═════ Entries provided

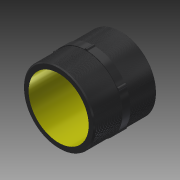
# Autodesk Inventor part: driftin cowboys
Saved by Autodesk Inventor 2013 SP2 (Build 170200200, 200)
## iProperties
Created: 2014-07-14
Part Number: driftin cowboys
Material: GFRP
Document SubType Name: Modeling
Designer: mrister
Density: 1.75 g/cm^3
Author: mrister
Autodesk Inventor part; units mm, degrees
ref_plane "YZ Plane" through (0, 0, 0) normal (1, 0, 0) x (0, 1, 0)
ref_plane "XZ Plane" through (0, 0, 0) normal (0, 1, 0) x (-1, 0, 0)
ref_plane "XY Plane" through (0, 0, 0) normal (0, 0, 1) x (1, 0, 0)
sketch "Sketch1" plane through (0, 0, 0) normal (0, 0, 1) x (1, 0, 0)
  circle A0 centre (0, 0) radius 36.5125
  circle A1 centre (0, 0) radius 43.6562
  dimension "d0" = 73.025
  dimension "d2" = 87.3125
  constraints: 2 centre point, 2 coincident
  measures "d0" diameter of A0
  measures "d2" diameter of A1
extrude "Extrusion1" add sketch "Sketch1" along normal mid plane 76.2
sketch "Sketch2" plane through (0, 0, 0) normal (0, 0, 1) x (1, 0, 0)
  circle A0 centre (0, 0) radius 44.45
  circle A1 centre (0, 0) radius 43.6562 projected
  circle A2 centre (0, 44.45) radius 1.5875
  line L0 (0, 44.45) -> (0, 0) construction
  circle A3 centre (-38.4948, 22.225) radius 1.5875
  circle A4 centre (-38.4948, -22.225) radius 1.5875
  circle A5 centre (0, -44.45) radius 1.5875
  circle A6 centre (38.4948, -22.225) radius 1.5875
  circle A7 centre (38.4948, 22.225) radius 1.5875
  dimension "d5" = 88.9
  dimension "d9" = 3.175
  dimension "d12" = 360
  constraints: 6 centre point, 2 end point, 1 coincident, 1 vertical, 1 vertical alignment, 15 other
  measures "d9" diameter of A2
extrude "Extrusion2" add sketch "Sketch2" along normal mid plane 9.525 contours A0 A6 A1 A7 | A7 A1 A0 | A0 A7 | A6 A0 | A0 A6 A1 | A7 A1 A2 A0 | A7 A1 | A0 A5 A1 A6 | A1 A6 | A2 A1 A0 | A0 A2 | A5 A0 | A0 A5 A1 | A2 A1 A3 A0 | A2 A1 | A0 A4 A1 A5 | A1 A5 | A3 A1 A0 | A0 A3 | A4 A0 | A0 A4 A1 | A3 A1 A4 A0 | A3 A1 | A1 A4
fillet "Fillet1" radius 1.5875 12 edges at (37.6767, 23.5854, 0) (39.2639, 20.8362, 0) (39.2639, -20.8362, 0) (37.6767, -23.5854, 0) (-1.5872, -44.4217, 0) (1.5872, -44.4217, 0) (1.5872, 44.4217, 0) (-1.5872, 44.4217, 0) (-37.6767, 23.5854, 0) (-39.2639, 20.8362, 0) (-39.2639, -20.8362, 0) (-37.6767, -23.5854, 0)
chamfer "Chamfer1" distance 1.5875 angle 45 2 edges at (-43.6562, 0, 38.1) (-43.6562, 0, -38.1)
sketch "Sketch3" plane through (0, 0, 0) normal (1, 0, 0) x (0, 1, 0)
  line L0 (43.6562, -36.5125) -> (43.6562, -4.7625) projected
  line L1 (43.6562, -50.4289) -> (43.6562, -51.2226)
  line L2 (43.6562, -51.2226) -> (42.8625, -50.8257)
  line L3 (42.8625, -50.8257) -> (43.6562, -50.4289)
  line L4 (42.8625, -50.8257) -> (43.6562, -50.8257) construction
  point P0 (0, 0)
  dimension "d18" = 0.7937
  constraints: 8 end point, 2 collinear, 1 horizontal, 1 midpoint, 1 perpendicular
  measures "d18" distance of L1.start L1.end
coil "Coil1" sketch "Sketch3" operation cut axis through (0, 0, -10) along (0, 0, 1) pitch 0.9525 turns 160 hand right
body "Solid1"

══════════

> _Required work_:
Your answer should consist only of the number of lines in the entries above that include "constraints".

> _Expected answer_:
3